**The task:** Repeat exactly the lines from the start of the material below up to and including the "#6=PRODUCT_DEFINITION_FORMATION('','',#4);" line.

**Records for this task:**
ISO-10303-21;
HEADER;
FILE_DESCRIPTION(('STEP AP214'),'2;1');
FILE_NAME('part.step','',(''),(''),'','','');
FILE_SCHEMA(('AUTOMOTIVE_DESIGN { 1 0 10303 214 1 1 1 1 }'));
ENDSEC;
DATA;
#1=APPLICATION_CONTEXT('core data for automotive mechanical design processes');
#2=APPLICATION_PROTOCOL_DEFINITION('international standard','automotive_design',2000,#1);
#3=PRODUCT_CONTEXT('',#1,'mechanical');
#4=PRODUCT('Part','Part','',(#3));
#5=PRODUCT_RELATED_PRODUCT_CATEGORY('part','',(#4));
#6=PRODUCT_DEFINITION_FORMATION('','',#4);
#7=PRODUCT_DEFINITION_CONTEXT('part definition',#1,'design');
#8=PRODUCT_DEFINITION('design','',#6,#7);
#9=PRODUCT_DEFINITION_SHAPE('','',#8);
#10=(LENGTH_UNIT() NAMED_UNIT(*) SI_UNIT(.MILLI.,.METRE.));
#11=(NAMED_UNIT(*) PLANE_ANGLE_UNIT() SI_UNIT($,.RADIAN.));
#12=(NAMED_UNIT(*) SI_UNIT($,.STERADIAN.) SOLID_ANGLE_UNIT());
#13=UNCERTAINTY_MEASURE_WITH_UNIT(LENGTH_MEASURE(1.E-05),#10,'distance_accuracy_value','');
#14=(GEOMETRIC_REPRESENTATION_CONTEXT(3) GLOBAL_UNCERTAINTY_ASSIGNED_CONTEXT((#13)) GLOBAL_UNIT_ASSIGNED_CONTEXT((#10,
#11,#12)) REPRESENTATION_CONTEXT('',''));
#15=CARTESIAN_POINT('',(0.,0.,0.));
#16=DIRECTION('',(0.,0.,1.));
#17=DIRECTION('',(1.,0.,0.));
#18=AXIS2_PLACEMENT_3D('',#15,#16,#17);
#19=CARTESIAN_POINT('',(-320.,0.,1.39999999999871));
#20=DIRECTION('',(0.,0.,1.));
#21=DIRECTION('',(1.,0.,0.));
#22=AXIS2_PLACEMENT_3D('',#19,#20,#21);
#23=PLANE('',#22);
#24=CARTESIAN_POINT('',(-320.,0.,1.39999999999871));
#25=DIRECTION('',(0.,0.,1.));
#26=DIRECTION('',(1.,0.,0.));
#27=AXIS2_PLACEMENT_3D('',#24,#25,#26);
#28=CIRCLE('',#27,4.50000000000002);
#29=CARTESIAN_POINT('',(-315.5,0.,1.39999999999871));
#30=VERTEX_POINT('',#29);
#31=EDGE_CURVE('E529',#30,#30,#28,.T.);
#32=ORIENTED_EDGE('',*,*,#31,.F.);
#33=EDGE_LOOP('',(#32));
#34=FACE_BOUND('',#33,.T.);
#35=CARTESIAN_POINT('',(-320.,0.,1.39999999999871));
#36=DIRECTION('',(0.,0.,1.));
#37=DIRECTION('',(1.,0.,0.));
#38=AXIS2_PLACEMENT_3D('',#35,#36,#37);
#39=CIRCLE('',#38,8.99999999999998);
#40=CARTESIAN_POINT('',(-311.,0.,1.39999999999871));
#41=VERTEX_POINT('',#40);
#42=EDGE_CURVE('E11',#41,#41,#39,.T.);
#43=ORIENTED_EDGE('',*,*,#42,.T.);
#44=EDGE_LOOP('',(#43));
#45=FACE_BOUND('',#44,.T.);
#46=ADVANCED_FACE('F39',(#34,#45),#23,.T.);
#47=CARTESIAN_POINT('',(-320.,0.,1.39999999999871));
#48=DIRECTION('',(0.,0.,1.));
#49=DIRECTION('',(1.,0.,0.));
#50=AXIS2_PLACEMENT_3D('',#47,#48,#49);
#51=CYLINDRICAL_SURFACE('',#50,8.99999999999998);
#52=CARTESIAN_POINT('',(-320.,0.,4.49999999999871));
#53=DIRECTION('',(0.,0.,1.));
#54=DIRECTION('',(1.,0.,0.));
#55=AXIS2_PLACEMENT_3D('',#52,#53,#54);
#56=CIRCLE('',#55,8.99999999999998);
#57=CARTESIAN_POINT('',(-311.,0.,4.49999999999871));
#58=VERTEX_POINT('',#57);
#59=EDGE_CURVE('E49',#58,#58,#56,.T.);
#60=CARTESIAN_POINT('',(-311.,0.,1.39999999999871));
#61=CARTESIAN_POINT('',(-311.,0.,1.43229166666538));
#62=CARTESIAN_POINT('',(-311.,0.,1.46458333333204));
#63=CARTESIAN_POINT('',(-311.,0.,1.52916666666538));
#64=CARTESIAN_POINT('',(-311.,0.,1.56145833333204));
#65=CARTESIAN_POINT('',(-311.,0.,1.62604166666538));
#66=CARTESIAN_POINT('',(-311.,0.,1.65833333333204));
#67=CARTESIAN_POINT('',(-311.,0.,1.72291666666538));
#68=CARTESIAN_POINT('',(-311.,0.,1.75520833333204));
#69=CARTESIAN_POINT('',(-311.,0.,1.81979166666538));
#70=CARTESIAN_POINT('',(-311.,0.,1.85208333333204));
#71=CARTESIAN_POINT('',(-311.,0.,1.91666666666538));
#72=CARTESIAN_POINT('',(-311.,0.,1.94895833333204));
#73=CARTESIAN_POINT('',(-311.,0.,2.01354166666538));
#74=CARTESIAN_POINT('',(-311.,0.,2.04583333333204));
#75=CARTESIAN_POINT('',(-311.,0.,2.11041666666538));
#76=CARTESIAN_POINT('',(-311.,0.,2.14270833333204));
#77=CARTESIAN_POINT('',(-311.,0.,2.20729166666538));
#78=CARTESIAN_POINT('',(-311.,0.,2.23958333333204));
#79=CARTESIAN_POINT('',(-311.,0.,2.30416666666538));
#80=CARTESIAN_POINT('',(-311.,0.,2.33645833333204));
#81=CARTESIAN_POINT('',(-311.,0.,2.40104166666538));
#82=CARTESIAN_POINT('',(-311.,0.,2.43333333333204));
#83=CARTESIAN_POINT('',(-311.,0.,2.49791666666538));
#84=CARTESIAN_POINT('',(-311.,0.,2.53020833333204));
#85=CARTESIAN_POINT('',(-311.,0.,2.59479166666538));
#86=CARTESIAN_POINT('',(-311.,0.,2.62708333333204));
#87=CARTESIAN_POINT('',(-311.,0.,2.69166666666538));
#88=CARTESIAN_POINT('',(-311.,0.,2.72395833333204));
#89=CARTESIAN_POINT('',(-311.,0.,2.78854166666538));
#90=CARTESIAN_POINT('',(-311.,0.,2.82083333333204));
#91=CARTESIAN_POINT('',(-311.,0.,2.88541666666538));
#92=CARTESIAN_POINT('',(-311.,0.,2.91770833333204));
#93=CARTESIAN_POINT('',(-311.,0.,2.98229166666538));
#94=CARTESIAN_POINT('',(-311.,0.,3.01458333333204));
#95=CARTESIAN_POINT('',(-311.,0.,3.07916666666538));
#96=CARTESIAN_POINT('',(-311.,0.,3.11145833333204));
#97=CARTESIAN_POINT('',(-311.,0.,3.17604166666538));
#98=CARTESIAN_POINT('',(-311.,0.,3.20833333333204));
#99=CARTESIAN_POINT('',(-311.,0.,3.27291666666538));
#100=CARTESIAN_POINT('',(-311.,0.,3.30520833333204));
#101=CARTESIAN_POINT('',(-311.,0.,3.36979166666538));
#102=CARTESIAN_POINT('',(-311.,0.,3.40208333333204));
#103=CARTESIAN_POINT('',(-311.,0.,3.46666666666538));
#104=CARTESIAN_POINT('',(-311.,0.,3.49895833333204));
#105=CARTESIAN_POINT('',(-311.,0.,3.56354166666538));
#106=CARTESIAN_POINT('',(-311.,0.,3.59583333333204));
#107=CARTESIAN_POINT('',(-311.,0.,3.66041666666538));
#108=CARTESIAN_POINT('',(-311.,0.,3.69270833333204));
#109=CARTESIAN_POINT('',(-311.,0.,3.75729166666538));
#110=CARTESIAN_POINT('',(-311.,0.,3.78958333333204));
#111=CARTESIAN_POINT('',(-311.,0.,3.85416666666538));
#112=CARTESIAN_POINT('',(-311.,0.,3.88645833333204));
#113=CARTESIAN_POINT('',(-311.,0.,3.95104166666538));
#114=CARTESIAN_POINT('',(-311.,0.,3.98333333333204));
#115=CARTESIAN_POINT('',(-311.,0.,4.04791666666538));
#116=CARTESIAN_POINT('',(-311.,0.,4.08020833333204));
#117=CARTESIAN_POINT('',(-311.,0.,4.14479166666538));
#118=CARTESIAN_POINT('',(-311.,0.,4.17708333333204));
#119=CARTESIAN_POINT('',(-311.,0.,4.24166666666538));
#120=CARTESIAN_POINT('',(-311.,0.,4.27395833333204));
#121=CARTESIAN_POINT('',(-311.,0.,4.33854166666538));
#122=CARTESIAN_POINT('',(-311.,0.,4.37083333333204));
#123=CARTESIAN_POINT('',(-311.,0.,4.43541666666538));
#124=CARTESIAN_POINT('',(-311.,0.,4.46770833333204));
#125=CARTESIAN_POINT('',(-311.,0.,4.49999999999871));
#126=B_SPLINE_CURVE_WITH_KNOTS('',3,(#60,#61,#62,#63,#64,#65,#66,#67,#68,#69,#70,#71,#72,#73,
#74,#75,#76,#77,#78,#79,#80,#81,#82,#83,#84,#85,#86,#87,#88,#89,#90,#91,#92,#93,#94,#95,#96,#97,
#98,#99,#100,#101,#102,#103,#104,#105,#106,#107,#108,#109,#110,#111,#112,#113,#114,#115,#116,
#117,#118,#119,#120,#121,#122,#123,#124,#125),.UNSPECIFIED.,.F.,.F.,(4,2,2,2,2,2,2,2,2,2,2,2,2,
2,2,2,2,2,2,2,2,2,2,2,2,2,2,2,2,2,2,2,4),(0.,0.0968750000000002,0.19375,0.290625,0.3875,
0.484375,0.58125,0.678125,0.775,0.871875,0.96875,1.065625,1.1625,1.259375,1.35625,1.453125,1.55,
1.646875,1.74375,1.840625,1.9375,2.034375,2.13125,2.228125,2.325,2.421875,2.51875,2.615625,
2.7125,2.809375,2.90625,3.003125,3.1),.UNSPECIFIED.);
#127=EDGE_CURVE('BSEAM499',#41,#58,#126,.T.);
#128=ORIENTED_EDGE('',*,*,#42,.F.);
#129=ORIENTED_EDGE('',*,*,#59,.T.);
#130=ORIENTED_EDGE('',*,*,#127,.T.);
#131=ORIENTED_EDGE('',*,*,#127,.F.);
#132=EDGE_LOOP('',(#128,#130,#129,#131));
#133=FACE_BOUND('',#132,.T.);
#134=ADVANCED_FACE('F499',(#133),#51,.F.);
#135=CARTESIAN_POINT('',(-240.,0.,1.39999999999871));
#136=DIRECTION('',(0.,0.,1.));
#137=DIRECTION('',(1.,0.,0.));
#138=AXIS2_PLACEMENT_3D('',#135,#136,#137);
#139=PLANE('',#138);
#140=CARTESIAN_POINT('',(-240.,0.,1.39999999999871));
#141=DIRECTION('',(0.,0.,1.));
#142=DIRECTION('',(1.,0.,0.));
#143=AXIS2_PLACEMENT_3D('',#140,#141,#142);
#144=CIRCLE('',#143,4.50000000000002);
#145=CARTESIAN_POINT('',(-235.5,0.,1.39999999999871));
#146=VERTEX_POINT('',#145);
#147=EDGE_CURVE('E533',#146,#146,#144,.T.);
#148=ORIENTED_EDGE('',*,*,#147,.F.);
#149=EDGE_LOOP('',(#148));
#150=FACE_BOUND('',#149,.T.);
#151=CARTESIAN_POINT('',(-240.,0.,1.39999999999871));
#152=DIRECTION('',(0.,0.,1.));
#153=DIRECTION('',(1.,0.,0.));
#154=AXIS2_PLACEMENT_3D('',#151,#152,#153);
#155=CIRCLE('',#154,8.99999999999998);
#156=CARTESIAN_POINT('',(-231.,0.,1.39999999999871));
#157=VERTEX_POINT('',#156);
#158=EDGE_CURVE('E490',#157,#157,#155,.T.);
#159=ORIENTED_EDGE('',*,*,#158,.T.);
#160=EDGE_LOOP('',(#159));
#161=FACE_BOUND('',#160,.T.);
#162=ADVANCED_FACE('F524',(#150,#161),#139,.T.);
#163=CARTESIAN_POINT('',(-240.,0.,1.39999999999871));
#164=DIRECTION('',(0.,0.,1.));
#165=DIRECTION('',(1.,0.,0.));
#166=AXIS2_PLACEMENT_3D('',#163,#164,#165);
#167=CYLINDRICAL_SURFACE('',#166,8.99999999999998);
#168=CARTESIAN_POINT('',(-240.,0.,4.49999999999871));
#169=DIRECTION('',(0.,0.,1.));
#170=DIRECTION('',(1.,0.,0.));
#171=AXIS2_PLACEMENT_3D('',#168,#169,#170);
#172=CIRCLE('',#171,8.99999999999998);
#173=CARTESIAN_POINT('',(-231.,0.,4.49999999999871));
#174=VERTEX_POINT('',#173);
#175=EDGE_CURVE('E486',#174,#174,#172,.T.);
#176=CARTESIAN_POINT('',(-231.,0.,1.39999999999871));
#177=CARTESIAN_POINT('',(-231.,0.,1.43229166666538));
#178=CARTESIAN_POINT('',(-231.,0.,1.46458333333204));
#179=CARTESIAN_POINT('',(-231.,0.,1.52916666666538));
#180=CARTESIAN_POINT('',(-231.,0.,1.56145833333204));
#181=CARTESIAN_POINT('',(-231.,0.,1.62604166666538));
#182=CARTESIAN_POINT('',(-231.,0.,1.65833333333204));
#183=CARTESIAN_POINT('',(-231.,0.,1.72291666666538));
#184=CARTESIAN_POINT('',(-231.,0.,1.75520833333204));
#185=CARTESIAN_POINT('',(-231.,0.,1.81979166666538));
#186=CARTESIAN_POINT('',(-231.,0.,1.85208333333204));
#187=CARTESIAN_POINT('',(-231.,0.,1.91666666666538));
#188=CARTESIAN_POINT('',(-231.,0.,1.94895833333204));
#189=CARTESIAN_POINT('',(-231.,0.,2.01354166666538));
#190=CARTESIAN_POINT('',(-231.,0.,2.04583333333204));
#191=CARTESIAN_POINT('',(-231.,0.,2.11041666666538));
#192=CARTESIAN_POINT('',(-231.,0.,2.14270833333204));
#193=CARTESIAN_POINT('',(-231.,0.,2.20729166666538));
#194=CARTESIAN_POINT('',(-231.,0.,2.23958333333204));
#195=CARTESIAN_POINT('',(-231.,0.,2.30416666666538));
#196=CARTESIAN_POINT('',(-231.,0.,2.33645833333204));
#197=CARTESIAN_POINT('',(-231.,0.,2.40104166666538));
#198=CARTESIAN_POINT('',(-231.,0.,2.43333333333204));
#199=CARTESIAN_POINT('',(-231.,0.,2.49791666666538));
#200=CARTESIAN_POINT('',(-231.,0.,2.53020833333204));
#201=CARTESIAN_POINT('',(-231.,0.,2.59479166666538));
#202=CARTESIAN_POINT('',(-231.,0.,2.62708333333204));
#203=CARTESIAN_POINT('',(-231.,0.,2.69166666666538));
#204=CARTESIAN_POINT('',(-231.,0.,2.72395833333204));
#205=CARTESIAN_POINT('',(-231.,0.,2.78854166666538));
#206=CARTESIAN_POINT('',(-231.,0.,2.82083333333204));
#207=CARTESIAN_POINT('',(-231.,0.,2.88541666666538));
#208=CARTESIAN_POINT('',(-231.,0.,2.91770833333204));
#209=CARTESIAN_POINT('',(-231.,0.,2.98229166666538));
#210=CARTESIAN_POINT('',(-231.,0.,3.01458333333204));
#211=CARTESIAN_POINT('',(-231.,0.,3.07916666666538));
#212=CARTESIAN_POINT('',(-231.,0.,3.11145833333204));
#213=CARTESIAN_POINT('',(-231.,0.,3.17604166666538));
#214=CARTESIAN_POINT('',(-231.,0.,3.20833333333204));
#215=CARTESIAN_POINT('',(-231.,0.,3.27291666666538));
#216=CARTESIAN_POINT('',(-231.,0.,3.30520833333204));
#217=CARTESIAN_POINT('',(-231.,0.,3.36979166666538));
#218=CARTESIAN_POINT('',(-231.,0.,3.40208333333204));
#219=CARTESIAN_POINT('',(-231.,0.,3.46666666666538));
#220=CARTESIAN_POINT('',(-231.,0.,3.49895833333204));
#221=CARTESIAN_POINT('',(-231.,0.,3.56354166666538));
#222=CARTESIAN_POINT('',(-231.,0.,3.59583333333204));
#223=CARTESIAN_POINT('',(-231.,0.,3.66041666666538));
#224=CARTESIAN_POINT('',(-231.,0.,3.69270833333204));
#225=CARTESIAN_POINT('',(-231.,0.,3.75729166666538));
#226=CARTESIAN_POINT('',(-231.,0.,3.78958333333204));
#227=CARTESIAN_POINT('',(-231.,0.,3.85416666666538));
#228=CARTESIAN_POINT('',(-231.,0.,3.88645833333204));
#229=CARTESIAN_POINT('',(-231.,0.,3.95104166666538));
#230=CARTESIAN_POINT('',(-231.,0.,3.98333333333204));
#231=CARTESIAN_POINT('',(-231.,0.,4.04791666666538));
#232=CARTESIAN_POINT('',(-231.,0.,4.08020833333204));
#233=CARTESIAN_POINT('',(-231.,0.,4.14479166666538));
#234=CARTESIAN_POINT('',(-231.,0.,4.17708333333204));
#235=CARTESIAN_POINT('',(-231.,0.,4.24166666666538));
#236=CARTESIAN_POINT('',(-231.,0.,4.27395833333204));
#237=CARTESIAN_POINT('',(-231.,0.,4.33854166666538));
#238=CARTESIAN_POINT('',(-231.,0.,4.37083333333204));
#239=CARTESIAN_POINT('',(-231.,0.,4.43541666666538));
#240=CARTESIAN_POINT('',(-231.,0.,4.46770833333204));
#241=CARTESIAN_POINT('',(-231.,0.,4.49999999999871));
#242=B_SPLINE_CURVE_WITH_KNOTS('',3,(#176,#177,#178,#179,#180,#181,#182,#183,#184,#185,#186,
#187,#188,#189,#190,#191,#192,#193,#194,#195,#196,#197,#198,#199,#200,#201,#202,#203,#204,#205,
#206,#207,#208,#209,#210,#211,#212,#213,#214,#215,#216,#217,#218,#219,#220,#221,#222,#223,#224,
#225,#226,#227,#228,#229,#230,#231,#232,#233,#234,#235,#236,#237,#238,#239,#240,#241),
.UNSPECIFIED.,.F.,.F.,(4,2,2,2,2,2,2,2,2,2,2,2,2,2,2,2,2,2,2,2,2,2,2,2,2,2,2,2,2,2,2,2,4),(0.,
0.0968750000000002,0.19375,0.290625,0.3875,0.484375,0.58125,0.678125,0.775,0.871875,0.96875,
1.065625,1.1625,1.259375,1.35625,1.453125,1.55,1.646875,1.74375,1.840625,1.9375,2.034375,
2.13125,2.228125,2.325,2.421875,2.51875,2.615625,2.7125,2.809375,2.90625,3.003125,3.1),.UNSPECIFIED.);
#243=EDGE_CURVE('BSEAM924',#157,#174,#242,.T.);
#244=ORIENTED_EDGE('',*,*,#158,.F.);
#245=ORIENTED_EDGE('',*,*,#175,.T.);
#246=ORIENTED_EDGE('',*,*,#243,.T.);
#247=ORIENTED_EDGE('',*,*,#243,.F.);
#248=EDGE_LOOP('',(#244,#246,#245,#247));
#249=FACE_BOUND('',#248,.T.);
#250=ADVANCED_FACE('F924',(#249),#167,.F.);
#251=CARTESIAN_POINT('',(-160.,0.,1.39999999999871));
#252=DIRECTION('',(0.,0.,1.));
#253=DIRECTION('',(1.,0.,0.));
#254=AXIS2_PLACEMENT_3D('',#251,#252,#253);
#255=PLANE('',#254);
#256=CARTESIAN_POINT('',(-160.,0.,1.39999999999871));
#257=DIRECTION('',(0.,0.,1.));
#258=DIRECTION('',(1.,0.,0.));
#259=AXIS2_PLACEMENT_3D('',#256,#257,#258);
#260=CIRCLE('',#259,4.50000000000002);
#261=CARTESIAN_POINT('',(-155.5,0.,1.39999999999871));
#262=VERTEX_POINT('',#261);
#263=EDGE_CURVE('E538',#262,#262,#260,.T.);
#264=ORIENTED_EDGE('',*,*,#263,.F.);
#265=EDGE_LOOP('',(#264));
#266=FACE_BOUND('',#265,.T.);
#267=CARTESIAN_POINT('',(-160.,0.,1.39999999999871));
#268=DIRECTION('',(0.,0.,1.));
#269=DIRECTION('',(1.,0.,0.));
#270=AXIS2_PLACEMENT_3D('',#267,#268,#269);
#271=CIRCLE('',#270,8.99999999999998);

**Finished exercise:**
ISO-10303-21;
HEADER;
FILE_DESCRIPTION(('STEP AP214'),'2;1');
FILE_NAME('part.step','',(''),(''),'','','');
FILE_SCHEMA(('AUTOMOTIVE_DESIGN { 1 0 10303 214 1 1 1 1 }'));
ENDSEC;
DATA;
#1=APPLICATION_CONTEXT('core data for automotive mechanical design processes');
#2=APPLICATION_PROTOCOL_DEFINITION('international standard','automotive_design',2000,#1);
#3=PRODUCT_CONTEXT('',#1,'mechanical');
#4=PRODUCT('Part','Part','',(#3));
#5=PRODUCT_RELATED_PRODUCT_CATEGORY('part','',(#4));
#6=PRODUCT_DEFINITION_FORMATION('','',#4);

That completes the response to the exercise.